Huis Serné
Groenburgwal 56, 1011 HX Amsterdam, Noord-Holland
Bekijk op kaartIn 1720 wordt een oud huis aan de Amsterdamse Groenburgwal bij de Binnen-Amstel voor 3.050 gulden gekocht door Jacobus Noordkerk, ‘suppoost in den Wisselbank’ en een protegé van burgemeester Corver. Noordkerk en zijn echtgenote laten het huis, dat waarschijnlijk bouwvallig was, geheel herbouwen.
Op het relatief ondiepe perceel verrijst een hoog koopmanshuis met een klein achterhuisje. Het krijgt een halsgevel met gebeeldhouwde ornamenten en in het interieur stucwerk, beschilderde plafonds en fraaie paneeldeuren, alles in Lodewijk XIV-stijl.

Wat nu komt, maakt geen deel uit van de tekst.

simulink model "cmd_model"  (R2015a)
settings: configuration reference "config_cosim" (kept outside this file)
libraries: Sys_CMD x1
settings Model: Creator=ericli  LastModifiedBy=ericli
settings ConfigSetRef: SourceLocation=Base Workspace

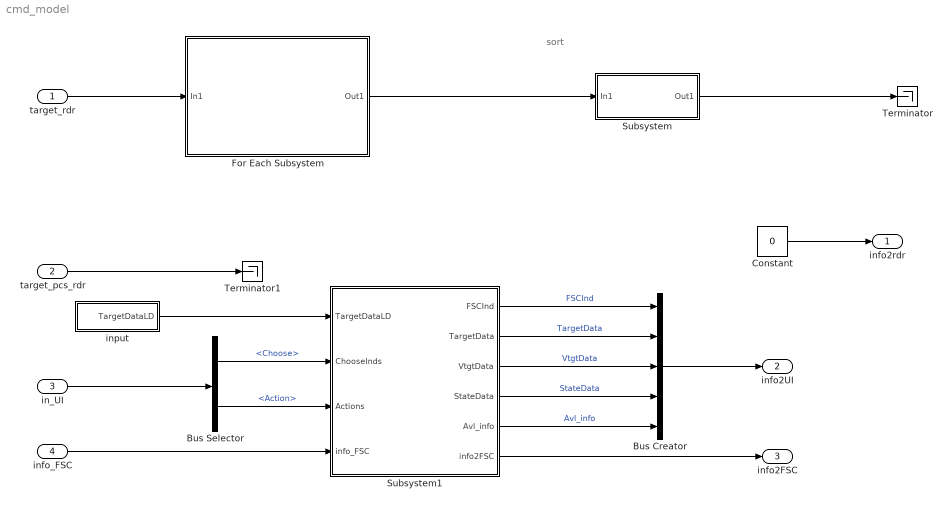
== system cmd_model ==
  note: sort
  target_rdr : Inport  OutDataTypeStr=Bus: BusObject_tgt_rdr2CC  PortDimensions=48  BusOutputAsStruct=on
  target_pcs_rdr : Inport  Port=2  OutDataTypeStr=Bus: BusObject_msg_pcs_rdr2CC  BusOutputAsStruct=on
  in_UI : Inport  Port=3  OutDataTypeStr=Bus: BusObject_input_UI  BusOutputAsStruct=on
  info_FSC : Inport  Port=4  OutDataTypeStr=Bus: BusObject_info_FSC2CC
  Bus Creator : BusCreator  Inputs=5  OutDataTypeStr=Bus: BusObject_info_CC2UI
      settings: InheritFromInputs=off
  Bus Selector : BusSelector  OutputSignals=Choose,Action
  Constant : Constant  Value=0  OutDataTypeStr=Bus:BusObject_info_CC2rdr  LockScale=on
  For Each Subsystem : Subsystem  TreatAsAtomicUnit=on
  Subsystem : Subsystem
  Subsystem1 : Subsystem
  Terminator : Terminator
  Terminator1 : Terminator
  input : Subsystem
  info2rdr : Outport  OutDataTypeStr=Bus: BusObject_info_CC2rdr  BusOutputAsStruct=on
  info2UI : Outport  Port=2  OutDataTypeStr=Bus: BusObject_info_CC2UI
  info2FSC : Outport  Port=3  OutDataTypeStr=Bus: BusObject_info_CC2FSC
  wires:
  target_rdr/1 -> For Each Subsystem/1(In1)
  For Each Subsystem/1(Out1) -> Subsystem/1(In1)
  Subsystem/1(Out1) -> Terminator/1
  Bus Creator/1 -> info2UI/1
  in_UI/1 -> Bus Selector/1
  Bus Selector/1 -> Subsystem1/2(ChooseInds)  "<Choose>"
  Bus Selector/2 -> Subsystem1/3(Actions)  "<Action>"
  info_FSC/1 -> Subsystem1/4(info_FSC)
  Subsystem1/6(info2FSC) -> info2FSC/1
  Constant/1 -> info2rdr/1
  Subsystem1/5(Avl_info) -> Bus Creator/5  "Avl_info"
  Subsystem1/4(StateData) -> Bus Creator/4  "StateData"
  Subsystem1/2(TargetData) -> Bus Creator/2  "TargetData"
  Subsystem1/1(FSCInd) -> Bus Creator/1  "FSCInd"
  input/1(TargetDataLD) -> Subsystem1/1(TargetDataLD)
  target_pcs_rdr/1 -> Terminator1/1
  Subsystem1/3(VtgtData) -> Bus Creator/3  "VtgtData"

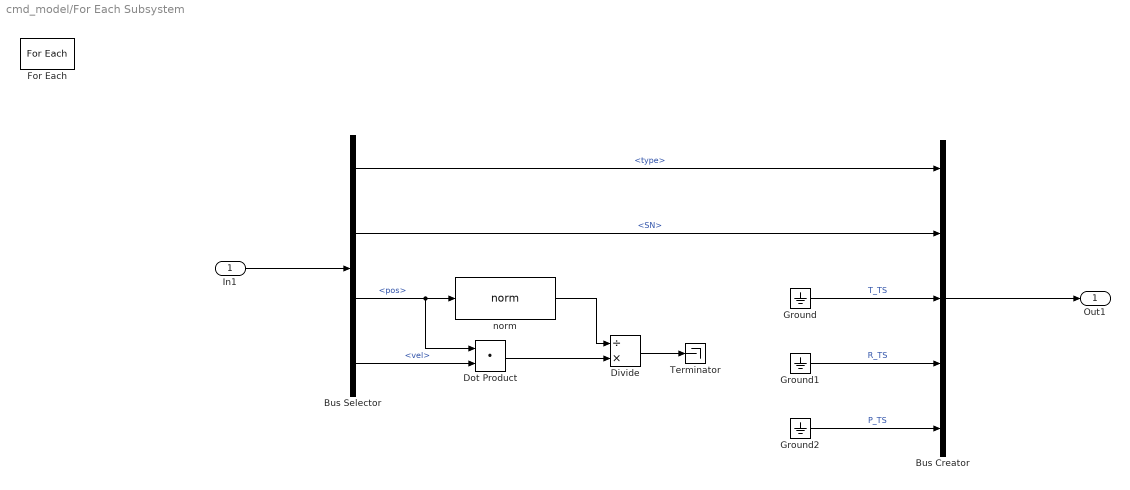
== system cmd_model/For Each Subsystem ==
  In1 : Inport  Partition=on  PartitionDimension=1  PartitionWidth=1
  Bus Creator : BusCreator  Inputs=5  OutDataTypeStr=Bus: bus_cmp_tgt  NonVirtualBus=on
      settings: InheritFromInputs=off
  Bus Selector : BusSelector  OutputSignals=type,SN,pos,vel
  Divide : Product  Inputs=/*
  Dot Product : DotProduct  InputSameDT=on  OutDataTypeStr=Inherit: Inherit via internal rule
  For Each : ForEach  DisableCoverage=on  IndexMode=One-based
  Ground : Ground
  Ground1 : Ground
  Ground2 : Ground
  Terminator : Terminator
  norm : Sys_CMD/norm
  Out1 : Outport  OutDataTypeStr=Bus: bus_cmp_tgt  ConcatenationDimension=1
  wires:
  In1/1 -> Bus Selector/1
  Bus Selector/3 -> norm/1, Dot Product/1  "<pos>"
  Bus Selector/4 -> Dot Product/2  "<vel>"
  norm/1 -> Divide/1
  Dot Product/1 -> Divide/2
  Divide/1 -> Terminator/1
  Bus Creator/1 -> Out1/1
  Bus Selector/1 -> Bus Creator/1  "<type>"
  Bus Selector/2 -> Bus Creator/2  "<SN>"
  Ground/1 -> Bus Creator/3  "T_TS"
  Ground1/1 -> Bus Creator/4  "R_TS"
  Ground2/1 -> Bus Creator/5  "P_TS"

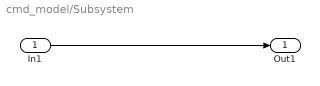
== system cmd_model/Subsystem ==
  In1 : Inport
  Out1 : Outport
  wires:
  In1/1 -> Out1/1

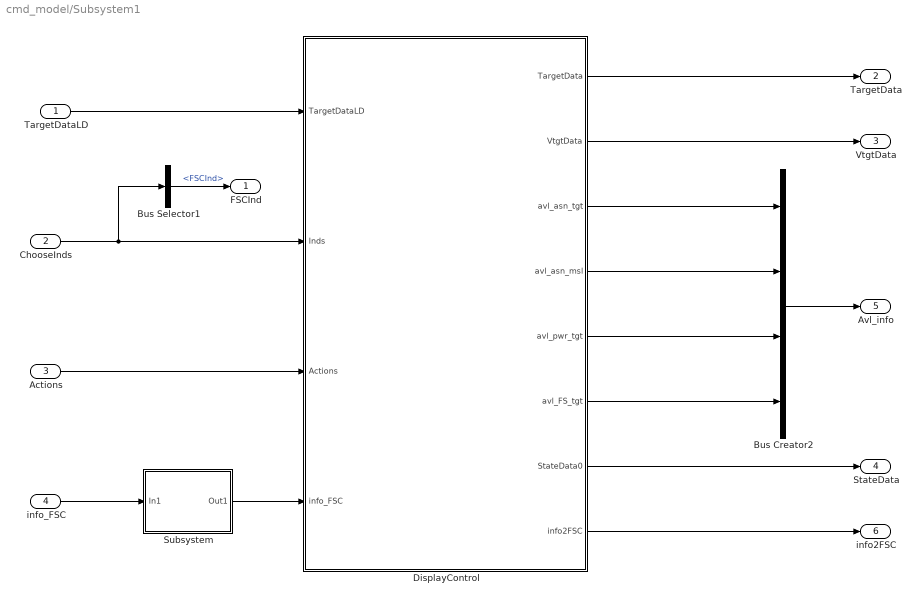
== system cmd_model/Subsystem1 ==
  TargetDataLD : Inport
  ChooseInds : Inport  Port=2  OutDataTypeStr=Bus:ChooseBusObject
  Actions : Inport  Port=3  OutDataTypeStr=Bus: ActionBusObject
  info_FSC : Inport  Port=4  OutDataTypeStr=Bus:BusObject_info_FSC2CC
  Bus Creator2 : BusCreator  OutDataTypeStr=Bus:AvlBusObject
  Bus Selector1 : BusSelector  OutputSignals=FSCInd
  DisplayControl : Stateflow chart  TreatAsAtomicUnit=on
  Subsystem : Subsystem
  FSCInd : Outport
  TargetData : Outport  Port=2
  VtgtData : Outport  Port=3
  StateData : Outport  Port=4  OutDataTypeStr=Bus:StateBusObject
  Avl_info : Outport  Port=5  OutDataTypeStr=Bus:AvlBusObject
  info2FSC : Outport  Port=6  OutDataTypeStr=Bus: BusObject_info_CC2FSC
  wires:
  DisplayControl/3(avl_asn_tgt) -> Bus Creator2/1
  DisplayControl/8(info2FSC) -> info2FSC/1
  DisplayControl/1(TargetData) -> TargetData/1
  Bus Creator2/1 -> Avl_info/1
  TargetDataLD/1 -> DisplayControl/1(TargetDataLD)
  DisplayControl/5(avl_pwr_tgt) -> Bus Creator2/3
  DisplayControl/7(StateData0) -> StateData/1
  DisplayControl/4(avl_asn_msl) -> Bus Creator2/2
  Bus Selector1/1 -> FSCInd/1  "<FSCInd>"
  ChooseInds/1 -> DisplayControl/2(Inds), Bus Selector1/1
  DisplayControl/6(avl_FS_tgt) -> Bus Creator2/4
  Actions/1 -> DisplayControl/3(Actions)
  DisplayControl/2(VtgtData) -> VtgtData/1
  info_FSC/1 -> Subsystem/1(In1)
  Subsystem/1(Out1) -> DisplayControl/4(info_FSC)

Het pand wordt in 1765 voor 13.250 gulden gekocht door David Borski. Nog datzelfde jaar wordt hier de later beroemde bankier-commissionair Willem Borski geboren. Deze zal in korte tijd een enorm kapitaal vergaren in de geld- en fondsenhandel (zijn weduwe is met dit vermogen een van de grondleggers van de Nederlandsche Bank, maar dan is het pand aan de Groenburgwal reeds verkocht).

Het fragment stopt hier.